*** DATA Section Begins ***
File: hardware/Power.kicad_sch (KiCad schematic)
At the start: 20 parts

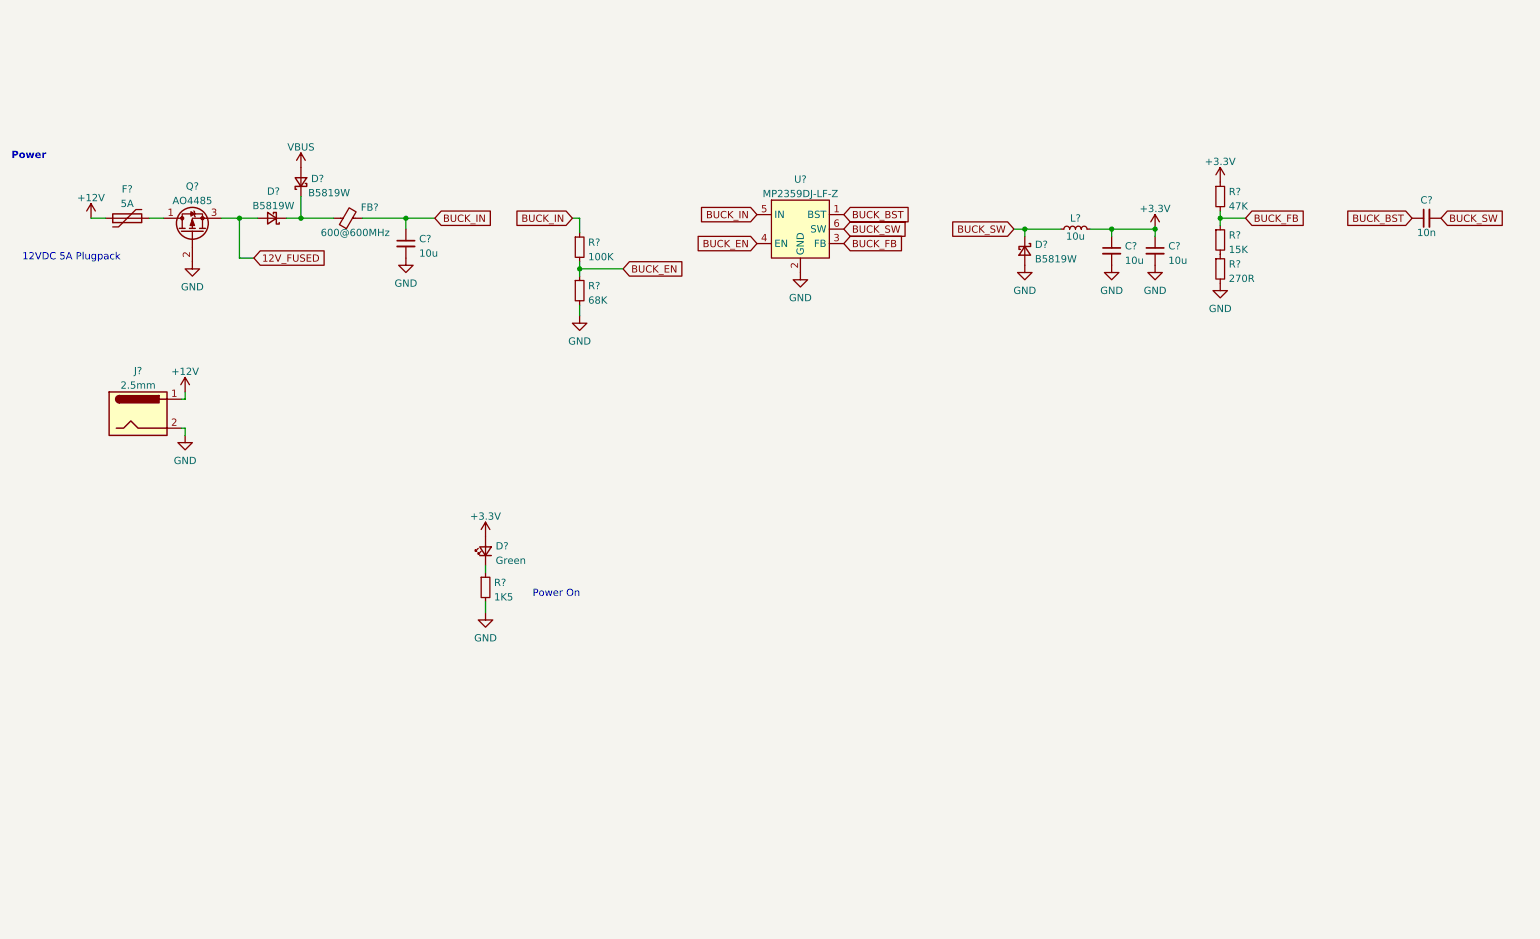
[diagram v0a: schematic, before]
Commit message: schematics finished, footprints assigned. Still need to fix foorptints for MOSFETS
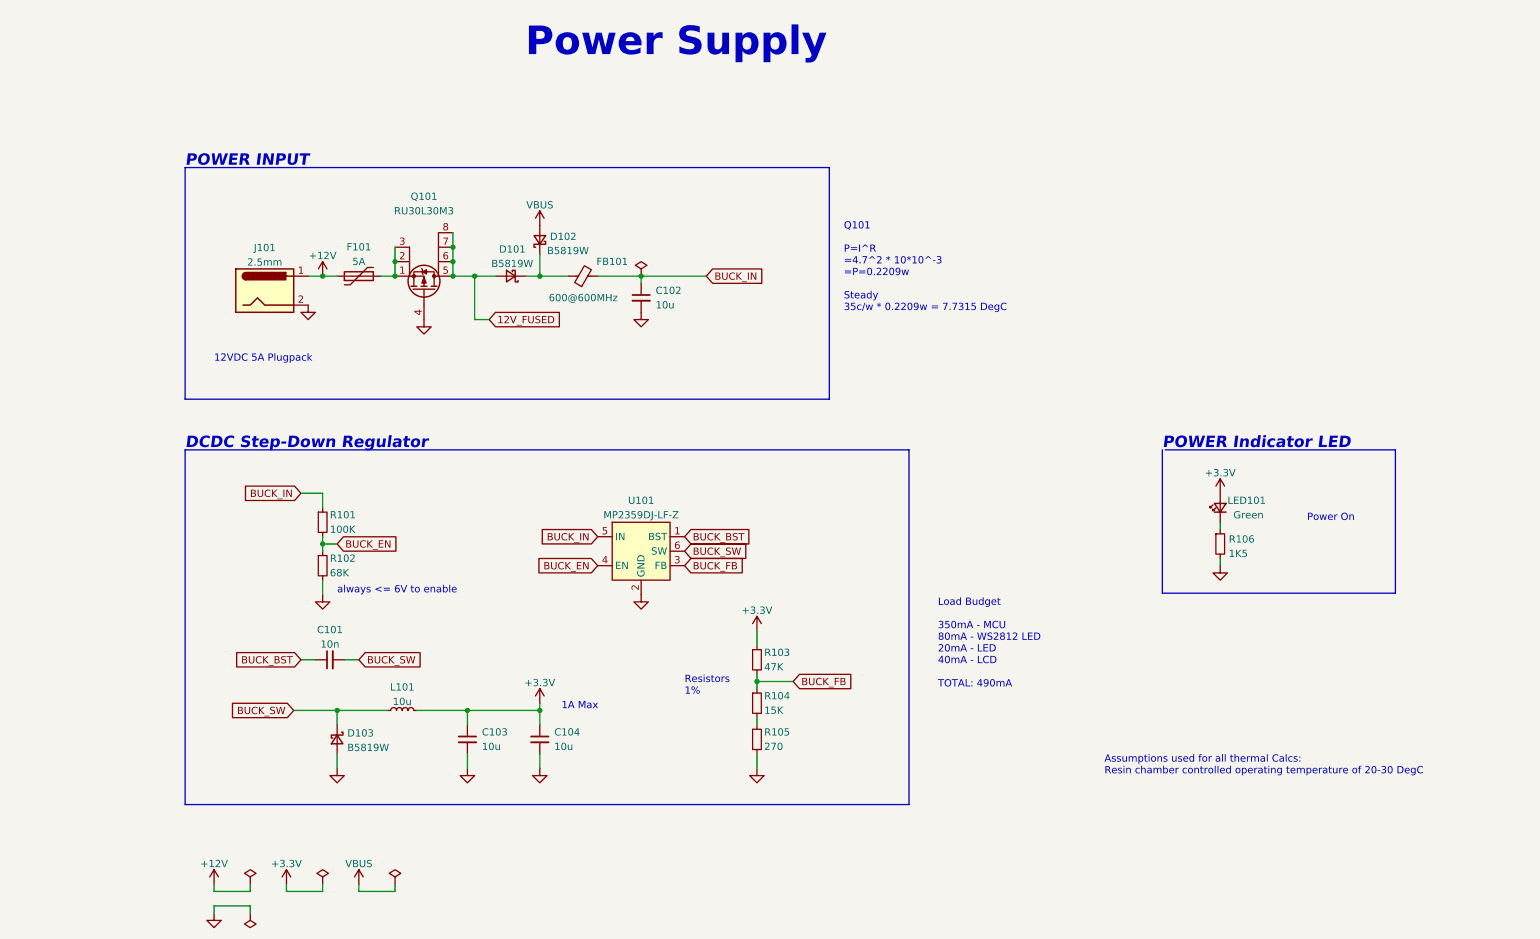
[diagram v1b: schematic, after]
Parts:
- removed C? (x2): 10u, symbol Device:C_Small
- removed C?: 10n, symbol Device:C_Small
- removed D?: Green, symbol Device:LED_Small
- removed D?: B5819W, symbol Device:D_Schottky_Small
- removed L?: 10u, symbol Device:L_Small
- removed Q?: AO4485, symbol Device:Q_PMOS_DGS
- removed R?: 270R, symbol Device:R_Small
- removed R?: 15K, symbol Device:R_Small
- removed R?: 100K, symbol Device:R_Small
- removed R?: 68K, symbol Device:R_Small
- removed R?: 1K5, symbol Device:R_Small
- removed R?: 47K, symbol Device:R_Small
- removed U?: MP2359DJ-LF-Z, Package_TO_SOT_SMD:SOT-23-6, symbol STR-DCDC:MP2359DJ-LF-Z
- added C101: 10n, Capacitor_SMD:C_0603_1608Metric, symbol Device:C_Small
- added C103, C104: 10u, Capacitor_SMD:C_1206_3216Metric, symbol Device:C_Small
- added D103: B5819W, Diode_SMD:D_SOD-123, symbol Device:D_Schottky_Small
- added L101: 10u, Inductor_SMD:L_Sunlord_MWSA0518_5.4x5.2mm, symbol Device:L_Small
- added LED101: Green, LED_SMD:LED_0603_1608Metric, symbol STR-LED:Green
- added Q101: RU30L30M3, Package_DFN_QFN:DFN-8-1EP_3x3mm_P0.65mm_EP1.7x2.05mm, symbol STR-MOSFETS:RU30L30M3
- added R101: 100K, Resistor_SMD:R_0603_1608Metric, symbol Device:R_Small
- added R102: 68K, Resistor_SMD:R_0603_1608Metric, symbol Device:R_Small
- added R103: 47K, Resistor_SMD:R_0603_1608Metric, symbol Device:R_Small
- added R104: 15K, Resistor_SMD:R_0603_1608Metric, symbol Device:R_Small
- added R105: 270, Resistor_SMD:R_0603_1608Metric, symbol Device:R_Small
- added R106: 1K5, Resistor_SMD:R_0603_1608Metric, symbol Device:R_Small
- added U101: MP2359DJ-LF-Z, Package_TO_SOT_SMD:SOT-23-6, symbol STR-DCDC:MP2359DJ-LF-Z
- C102: renamed from C?; footprint (none) -> Capacitor_SMD:C_1206_3216Metric
- D101, D102: renamed from D?; footprint (none) -> Diode_SMD:D_SOD-123; LCSC (none) -> C8598
- F101: renamed from F?; symbol STR-Fuses:F1206HI8000V024TM -> STR-Fuses:F1206HI5000V032TM; LCSC (none) -> C226251; MANUFACTURER (none) -> AEM; MFPN F1206HI8000V024TM -> F1206HI5000V032TM
- FB101: renamed from FB?; footprint (none) -> Inductor_SMD:L_0805_2012Metric; LCSC (none) -> C1017
- J101: renamed from J?; footprint (none) -> Connector_BarrelJack:BarrelJack_CUI_PJ-036AH-SMT_Horizontal
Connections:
- net +3V3: now also C103.1, C104.1, L101.2, LED101.2 (A), R103.1
- net 12V_FUSED: now also Q101.5 (D), Q101.6 (D), Q101.7 (D), Q101.8 (D)
- net BUCK_BST: now also C101.1, U101.1 (BST)
- net BUCK_EN: now also R101.2, R102.1, U101.4 (EN)
- net BUCK_FB: now also R103.2, R104.1, U101.3 (FB)
- net BUCK_IN: now also R101.1, U101.5 (IN)
- net BUCK_SW: now also C101.2, D103.1 (K), L101.1, U101.6 (SW)
- net GND: now also C103.2, C104.2, D103.2 (A), Q101.4 (G), R102.2, R105.2, R106.2, U101.2 (GND)
- net at F101.2: now also Q101.1 (S), Q101.2 (S), Q101.3 (S)
- new net: R104.2, R105.1
- new net: LED101.1 (K), R106.1
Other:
- note added: "1A Max"
- note added: "Assumptions used for all thermal Calcs: Resin chamber controlled operating temperature of 20-30 DegC"
- note added: "DCDC Step-Down Regulator"
- note added: "Load Budget 350mA - MCU 80mA - WS2812 LED 20mA - LED 40mA - LCD TOTAL: 490mA"
- note added: "POWER INPUT"
- note added: "POWER Indicator LED"
- note added: "Power Supply"
- note added: "Q101 P=I^R =4.7^2 * 10*10^-3 =P=0.2209w Steady 35c/w * 0.2209w = 7.7315 DegC"
- note added: "Resistors 1%"
- note added: "always <= 6V to enable"
- note removed: "Power"
- title: (none) -> SLA Chamber Hearter for Resin Printers
- moved on the sheet: C102, D101, D102, F101, FB101, J101

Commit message: footprint update for MOSFETS to PDFN3333
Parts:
- Q101: footprint Package_DFN_QFN:DFN-8-1EP_3x3mm_P0.65mm_EP1.7x2.05mm -> STR-DFN:PDFN3333
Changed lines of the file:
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@@
     (property "Reference" "Q101" (id 0) (at 90.17 58.42 90))
     (property "Value" "RU30L30M3" (id 1) (at 90.17 60.96 90))
-    (property "Footprint" "Package_DFN_QFN:DFN-8-1EP_3x3mm_P0.65mm_EP1.7x2.05mm" (id 2) (at 88.265 69.85 0)
+    (property "Footprint" "STR-DFN:PDFN3333" (id 2) (at 88.265 69.85 0)
       (effects (font (size 1.27 1.27) italic) (justify left) hide)
     )

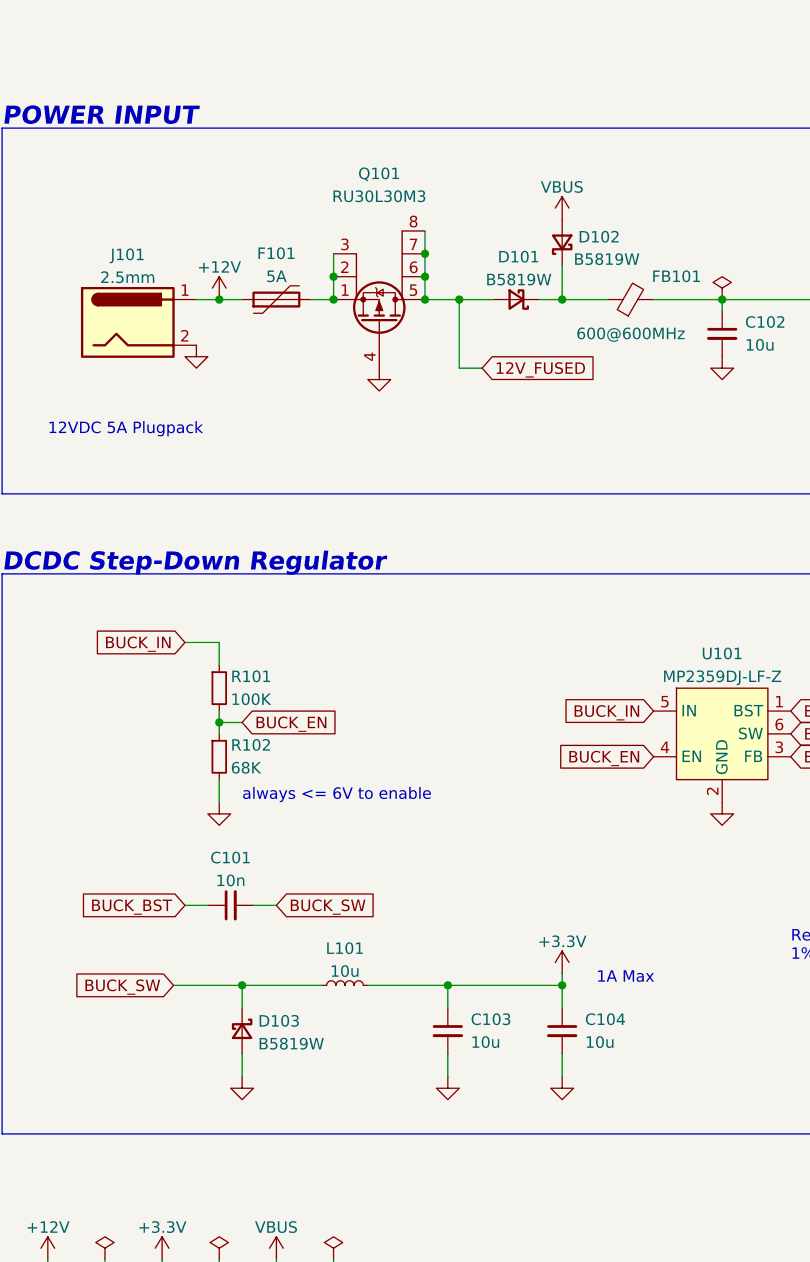
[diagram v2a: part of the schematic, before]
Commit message: routing and foot print changes
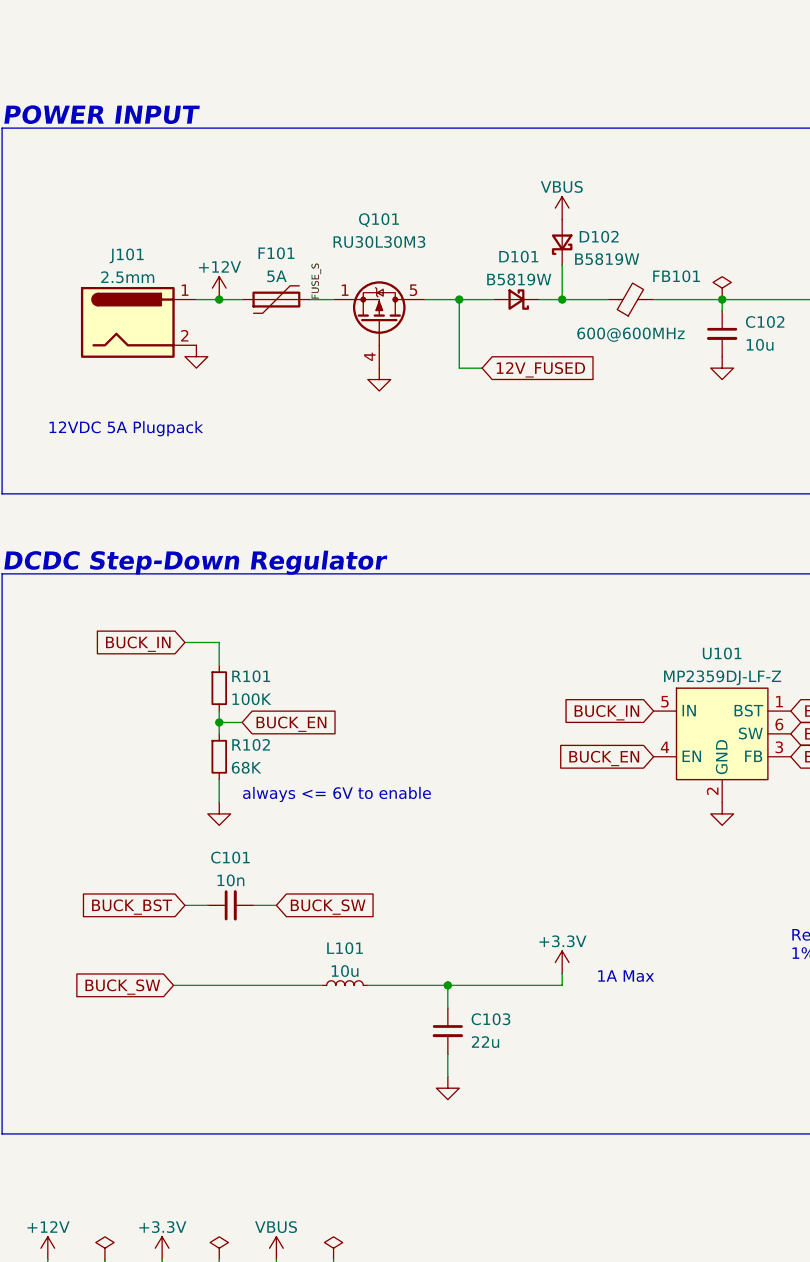
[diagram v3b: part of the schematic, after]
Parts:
- removed C104: 10u, Capacitor_SMD:C_1206_3216Metric, symbol Device:C_Small
- removed D103: B5819W, Diode_SMD:D_SOD-123, symbol Device:D_Schottky_Small
- C101: footprint Capacitor_SMD:C_0603_1608Metric -> Capacitor_SMD:C_0402_1005Metric
- C102: footprint Capacitor_SMD:C_1206_3216Metric -> Capacitor_SMD:C_0603_1608Metric
- C103: value 10u -> 22u; footprint Capacitor_SMD:C_1206_3216Metric -> Capacitor_SMD:C_0603_1608Metric
- J101: footprint Connector_BarrelJack:BarrelJack_CUI_PJ-036AH-SMT_Horizontal -> TerminalBlock_Phoenix:TerminalBlock_Phoenix_PT-1,5-2-3.5-H_1x02_P3.50mm_Horizontal
- Q101: footprint STR-DFN:PDFN3333 -> STR-DFN:DFN-8_L3.0-W3.0-P0.65-BL; symbol STR-MOSFETS:RU30L30M3 -> STR-MOSFETS:RU3030M3
- R101, R102, R103, R104, R105, R106: footprint Resistor_SMD:R_0603_1608Metric -> Resistor_SMD:R_0402_1005Metric
- U101: footprint Package_TO_SOT_SMD:SOT-23-6 -> STR-DFN:SOT-23-6_L2.9-W1.6-P0.95-LS2.8-BL
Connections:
- net 12V_FUSED: now also Q101.9 (D)
- net FUSE_S: now reaches F101.2, Q101.1 (S), Q101.2 (S), Q101.3 (S)
*** DATA Section Ends ***
Transcribe each line of the data above, unaltered, from the one where "[diagram v1b: schematic, after]" appears to the one where "- added R102: 68K, Resistor_SMD:R_0603_1608Metric, symbol" appears, inclusive of both.

[diagram v1b: schematic, after]
Parts:
- removed C? (x2): 10u, symbol Device:C_Small
- removed C?: 10n, symbol Device:C_Small
- removed D?: Green, symbol Device:LED_Small
- removed D?: B5819W, symbol Device:D_Schottky_Small
- removed L?: 10u, symbol Device:L_Small
- removed Q?: AO4485, symbol Device:Q_PMOS_DGS
- removed R?: 270R, symbol Device:R_Small
- removed R?: 15K, symbol Device:R_Small
- removed R?: 100K, symbol Device:R_Small
- removed R?: 68K, symbol Device:R_Small
- removed R?: 1K5, symbol Device:R_Small
- removed R?: 47K, symbol Device:R_Small
- removed U?: MP2359DJ-LF-Z, Package_TO_SOT_SMD:SOT-23-6, symbol STR-DCDC:MP2359DJ-LF-Z
- added C101: 10n, Capacitor_SMD:C_0603_1608Metric, symbol Device:C_Small
- added C103, C104: 10u, Capacitor_SMD:C_1206_3216Metric, symbol Device:C_Small
- added D103: B5819W, Diode_SMD:D_SOD-123, symbol Device:D_Schottky_Small
- added L101: 10u, Inductor_SMD:L_Sunlord_MWSA0518_5.4x5.2mm, symbol Device:L_Small
- added LED101: Green, LED_SMD:LED_0603_1608Metric, symbol STR-LED:Green
- added Q101: RU30L30M3, Package_DFN_QFN:DFN-8-1EP_3x3mm_P0.65mm_EP1.7x2.05mm, symbol STR-MOSFETS:RU30L30M3
- added R101: 100K, Resistor_SMD:R_0603_1608Metric, symbol Device:R_Small
- added R102: 68K, Resistor_SMD:R_0603_1608Metric, symbol Device:R_Small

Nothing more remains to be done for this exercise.